【祝!桂宮治師匠復帰】熱気に包まれた、新宿末廣亭二月中席七日目
新宿末廣亭で「二月中席夜の部七日目」を観ました。(2022・02・17)
桂宮治師匠が真打昇進披露の後、初めてトリを取る興行で、なおかつ色物さん以外はほとんどが成金メンバーという極めて実験的な試みで随分前から話題になり、僕も行ったみたいなあと思っていた。ただ、人気興行になることは確実で、朝早くに整理券をもらいに末廣亭に並ばないといけないのかあ、と躊躇していたら、これまた初めての取り組みとして、イープラスで整理番号付き前売り券を発売するという。それならば、と自分のスケジュール帳とにらめっこして、七日目の前売り券を購入した。
そして、興行近くになったら、肝心の宮治師匠が「新型コロナのみなし陽性」ということで、初日からの休演が発表されるというハプニングが発生。トリを他の成金メンバーが代演するという形が続いていたが、ようやく自宅待機が解けて、七日目から宮治師匠が復帰というニュースが流れ、結果的に僕は「宮治復帰初日」の興行を観ることができた。
桂空治「やかん」/春風亭柳若「反対俥」/小泉ポロン/笑福亭羽光「あるある帝国」/春風亭昇々「百戦錬磨」/マグナム小林/昔昔亭A太郎「罪と罰」/桂伸衛門「花見泥」/ねづっち/柳亭小痴楽「磯の鮑」/中入り/春風亭昇也「馬のす・改」/ニュースペーパー/瀧川鯉八「多数決」/神田伯山「山田真龍軒」/ボンボンブラザース/桂宮治「初天神」
客席も楽屋も「宮治復帰」という、何かお祝いムードのようなものが流れていた。
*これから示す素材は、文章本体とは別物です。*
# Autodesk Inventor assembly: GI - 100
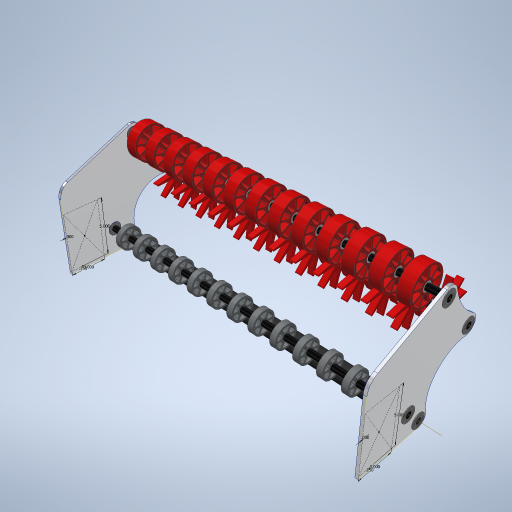
[picture p0: Inventor's stored thumbnail of the model, 512x512]
Saved by Autodesk Inventor 2023.4 (Build 274418000, 418)
## iProperties
Created: 2025-01-18
Part Number: GI - 100
Document SubType Name: Assembly
Designer: mavericks
Author: mavericks
## Documents named in this file (8)
- C:\Users\mavericks\Documents\GitHub\2025-ReefScape---CAD\ground intake\GI - 100.iam
- C:\Users\mavericks\Documents\GitHub\2025-ReefScape---CAD\ground intake\GI - 001.ipt
- C:\Users\mavericks\Documents\GitHub\2025-ReefScape---CAD\COMMON PARTS\BEARINGS\13_75mm_1_2_ThunderHex_ID_x_1_125_OD_x_0_313_WD_Flanged_Bearing_217-4006_MIR.ipt
- C:\Users\mavericks\Documents\GitHub\2025-ReefScape---CAD\ground intake\GI - 002.ipt
- C:\Users\mavericks\Documents\GitHub\2025-ReefScape---CAD\COMMON PARTS\WHEELS\am-0619a .425 Hex Entrapption Star REV2.ipt
- C:\Users\mavericks\Documents\GitHub\2025-ReefScape---CAD\COMMON PARTS\WHEELS\am-3946 3IN 375Hex Compliant Wheel REV 3.ipt
- C:\Users\mavericks\Documents\GitHub\2025-ReefScape---CAD\COMMON PARTS\WHEELS\2_OD_Straight_Flex_Wheel_217-6354.ipt
- C:\Users\mavericks\Documents\GitHub\2025-ReefScape---CAD\ground intake\GI - 200.iam
## Components (53 placed, 7 different names)
1. GI - 001:1 — Insert:1, Insert:2, Insert:3, Insert:4, Mate:2, Mate:4, Mate:6
2. 13_75mm_1_2_ThunderHex_ID_x_1_125_OD_x_0_313_WD_Flanged_Bearing_217-4006_MIR:1 — Insert:2, Insert:11, Mate:1
3. 13_75mm_1_2_ThunderHex_ID_x_1_125_OD_x_0_313_WD_Flanged_Bearing_217-4006_MIR:2 — Insert:1, Insert:12, Mate:3
4. 13_75mm_1_2_ThunderHex_ID_x_1_125_OD_x_0_313_WD_Flanged_Bearing_217-4006_MIR:3 — Insert:4, Insert:17
5. 13_75mm_1_2_ThunderHex_ID_x_1_125_OD_x_0_313_WD_Flanged_Bearing_217-4006_MIR:4 — Insert:3, Insert:10, Mate:5
6. GI - 001:2 — Insert:5, Insert:6, Insert:7, Insert:8
7. 13_75mm_1_2_ThunderHex_ID_x_1_125_OD_x_0_313_WD_Flanged_Bearing_217-4006_MIR:5 — Insert:5, Insert:13
8. 13_75mm_1_2_ThunderHex_ID_x_1_125_OD_x_0_313_WD_Flanged_Bearing_217-4006_MIR:6 — Insert:6, Insert:14
9. 13_75mm_1_2_ThunderHex_ID_x_1_125_OD_x_0_313_WD_Flanged_Bearing_217-4006_MIR:7 — Insert:8, Insert:16
10. 13_75mm_1_2_ThunderHex_ID_x_1_125_OD_x_0_313_WD_Flanged_Bearing_217-4006_MIR:8 — Insert:7, Insert:15
11. GI - 002:1 — Insert:12, Insert:14
12. GI - 002:2 — Insert:10, Insert:15
13. GI - 002:4 — Insert:11, Insert:13
14. GI - 200:1 [sub-assembly] — Insert:16, Insert:17
15. am-0619a .425 Hex Entrapption Star REV2:1 — Mate:1, Mate:2
16. am-0619a .425 Hex Entrapption Star REV2:2
17. am-0619a .425 Hex Entrapption Star REV2:3
18. am-0619a .425 Hex Entrapption Star REV2:4
19. am-0619a .425 Hex Entrapption Star REV2:5
20. am-0619a .425 Hex Entrapption Star REV2:6
21. am-0619a .425 Hex Entrapption Star REV2:7
22. am-0619a .425 Hex Entrapption Star REV2:8
23. am-0619a .425 Hex Entrapption Star REV2:9
24. am-0619a .425 Hex Entrapption Star REV2:10
25. am-0619a .425 Hex Entrapption Star REV2:11
26. am-0619a .425 Hex Entrapption Star REV2:12
27. am-0619a .425 Hex Entrapption Star REV2:13
28. am-3946 3IN 375Hex Compliant Wheel REV 3:1 — Mate:3, Mate:4
29. am-3946 3IN 375Hex Compliant Wheel REV 3:2
30. am-3946 3IN 375Hex Compliant Wheel REV 3:3
31. am-3946 3IN 375Hex Compliant Wheel REV 3:4
32. am-3946 3IN 375Hex Compliant Wheel REV 3:5
33. am-3946 3IN 375Hex Compliant Wheel REV 3:6
34. am-3946 3IN 375Hex Compliant Wheel REV 3:7
35. am-3946 3IN 375Hex Compliant Wheel REV 3:8
36. am-3946 3IN 375Hex Compliant Wheel REV 3:9
37. am-3946 3IN 375Hex Compliant Wheel REV 3:10
38. am-3946 3IN 375Hex Compliant Wheel REV 3:11
39. am-3946 3IN 375Hex Compliant Wheel REV 3:12
40. am-3946 3IN 375Hex Compliant Wheel REV 3:13
41. 2_OD_Straight_Flex_Wheel_217-6354:1 — Mate:5, Mate:6
42. 2_OD_Straight_Flex_Wheel_217-6354:2
43. 2_OD_Straight_Flex_Wheel_217-6354:3
44. 2_OD_Straight_Flex_Wheel_217-6354:4
45. 2_OD_Straight_Flex_Wheel_217-6354:5
46. 2_OD_Straight_Flex_Wheel_217-6354:6
47. 2_OD_Straight_Flex_Wheel_217-6354:7
48. 2_OD_Straight_Flex_Wheel_217-6354:8
49. 2_OD_Straight_Flex_Wheel_217-6354:9
50. 2_OD_Straight_Flex_Wheel_217-6354:10
51. 2_OD_Straight_Flex_Wheel_217-6354:11
52. 2_OD_Straight_Flex_Wheel_217-6354:12
53. 2_OD_Straight_Flex_Wheel_217-6354:13
## Component patterns: (13 elements, first: am-0619a .425 Hex Entrapption Star REV2:1), (13 elements, first: am-3946 3IN 375Hex Compliant Wheel REV 3:1), (13 elements, first: 2_OD_Straight_Flex_Wheel_217-6354:1)
## Relationships (22: Insert 16, Mate 6)
- Insert:1: GI - 001:1 ↔ 13_75mm_1_2_ThunderHex_ID_x_1_125_OD_x_0_313_WD_Flanged_Bearing_217-4006_MIR:2
- Insert:2: GI - 001:1 ↔ 13_75mm_1_2_ThunderHex_ID_x_1_125_OD_x_0_313_WD_Flanged_Bearing_217-4006_MIR:1
- Insert:3: GI - 001:1 ↔ 13_75mm_1_2_ThunderHex_ID_x_1_125_OD_x_0_313_WD_Flanged_Bearing_217-4006_MIR:4
- Insert:4: GI - 001:1 ↔ 13_75mm_1_2_ThunderHex_ID_x_1_125_OD_x_0_313_WD_Flanged_Bearing_217-4006_MIR:3
- Insert:5: GI - 001:2 ↔ 13_75mm_1_2_ThunderHex_ID_x_1_125_OD_x_0_313_WD_Flanged_Bearing_217-4006_MIR:5
- Insert:6: GI - 001:2 ↔ 13_75mm_1_2_ThunderHex_ID_x_1_125_OD_x_0_313_WD_Flanged_Bearing_217-4006_MIR:6
- Insert:7: GI - 001:2 ↔ 13_75mm_1_2_ThunderHex_ID_x_1_125_OD_x_0_313_WD_Flanged_Bearing_217-4006_MIR:8
- Insert:8: GI - 001:2 ↔ 13_75mm_1_2_ThunderHex_ID_x_1_125_OD_x_0_313_WD_Flanged_Bearing_217-4006_MIR:7
- Insert:10: 13_75mm_1_2_ThunderHex_ID_x_1_125_OD_x_0_313_WD_Flanged_Bearing_217-4006_MIR:4 ↔ GI - 002:2
- Insert:11: 13_75mm_1_2_ThunderHex_ID_x_1_125_OD_x_0_313_WD_Flanged_Bearing_217-4006_MIR:1 ↔ GI - 002:4
- Insert:12: 13_75mm_1_2_ThunderHex_ID_x_1_125_OD_x_0_313_WD_Flanged_Bearing_217-4006_MIR:2 ↔ GI - 002:1
- Insert:13: 13_75mm_1_2_ThunderHex_ID_x_1_125_OD_x_0_313_WD_Flanged_Bearing_217-4006_MIR:5 ↔ GI - 002:4
- Insert:14: 13_75mm_1_2_ThunderHex_ID_x_1_125_OD_x_0_313_WD_Flanged_Bearing_217-4006_MIR:6 ↔ GI - 002:1
- Insert:15: 13_75mm_1_2_ThunderHex_ID_x_1_125_OD_x_0_313_WD_Flanged_Bearing_217-4006_MIR:8 ↔ GI - 002:2
- Mate:1: 13_75mm_1_2_ThunderHex_ID_x_1_125_OD_x_0_313_WD_Flanged_Bearing_217-4006_MIR:1 ↔ am-0619a .425 Hex Entrapption Star REV2:1
- Mate:2 (36.5125 mm): GI - 001:1 ↔ am-0619a .425 Hex Entrapption Star REV2:1
- Mate:3: 13_75mm_1_2_ThunderHex_ID_x_1_125_OD_x_0_313_WD_Flanged_Bearing_217-4006_MIR:2 ↔ am-3946 3IN 375Hex Compliant Wheel REV 3:1
- Mate:4 (30.1625 mm): GI - 001:1 ↔ am-3946 3IN 375Hex Compliant Wheel REV 3:1
- Mate:5: 13_75mm_1_2_ThunderHex_ID_x_1_125_OD_x_0_313_WD_Flanged_Bearing_217-4006_MIR:4 ↔ 2_OD_Straight_Flex_Wheel_217-6354:1
- Mate:6 (36.5125 mm): GI - 001:1 ↔ 2_OD_Straight_Flex_Wheel_217-6354:1
- Insert:16: 13_75mm_1_2_ThunderHex_ID_x_1_125_OD_x_0_313_WD_Flanged_Bearing_217-4006_MIR:7 ↔ GI - 200:1
- Insert:17: 13_75mm_1_2_ThunderHex_ID_x_1_125_OD_x_0_313_WD_Flanged_Bearing_217-4006_MIR:3 ↔ GI - 200:1

伸衛門師匠は噺の途中で宮治師匠の出囃子である阿波踊りを鳴り物で入れるし、ねづっち先生は「笑点」とかけて「電子レンジ」と解いて、「珍解答(チン解凍)」、昇也さんも骨折の痛みも忘れて「戸越銀座と声を掛けるとどうなるか」という改作を披露するし。片足骨折かっぽれ付き。
小痴楽師匠、伯山先生、ボンボンブラザース、ときっちりと高座を温めて、トリの宮治師匠へ繋ぐ、前座の空治さんからずーっと熱気が途切れない見事な寄席の流れだった。
そして、宮治師匠登場。いきなり、座布団を外して、下手にあったスタンドマイクを持ち出し、「きょうは落語、やらないよ!立ちで漫談だよ!」と宣言して、PCR検査もせずに「みなし陽性」にされた愚痴からはじまる爆笑漫談。「末廣亭の席亭に怒られる」「明日からは、外の俺の看板が赤色に変わっちゃう」などと言いながら、「10日間の自宅待機のストレス発散」を喋り続ける。
ネットスーパーと出前館にお世話になった、「笑点」に気遣い、「一日中、日テレのワイドショー」見てました、と。途中日テレだけでなく、TBSの取材カメラも入っていることに気づくと、「TBSにもお世話になっています」。伯山先生に悪態をつくところでは、楽屋から私服の伯山先生乱入も。
それでも、理性は失っていない。25分立ちの漫談を終えると、座布団に座り、「初天神」芦田愛菜バージョンで沸かして15分。たっぷり40分の復帰高座は桂宮治ワールドの魅力満載で、とても幸せになれた。ありがとうございました!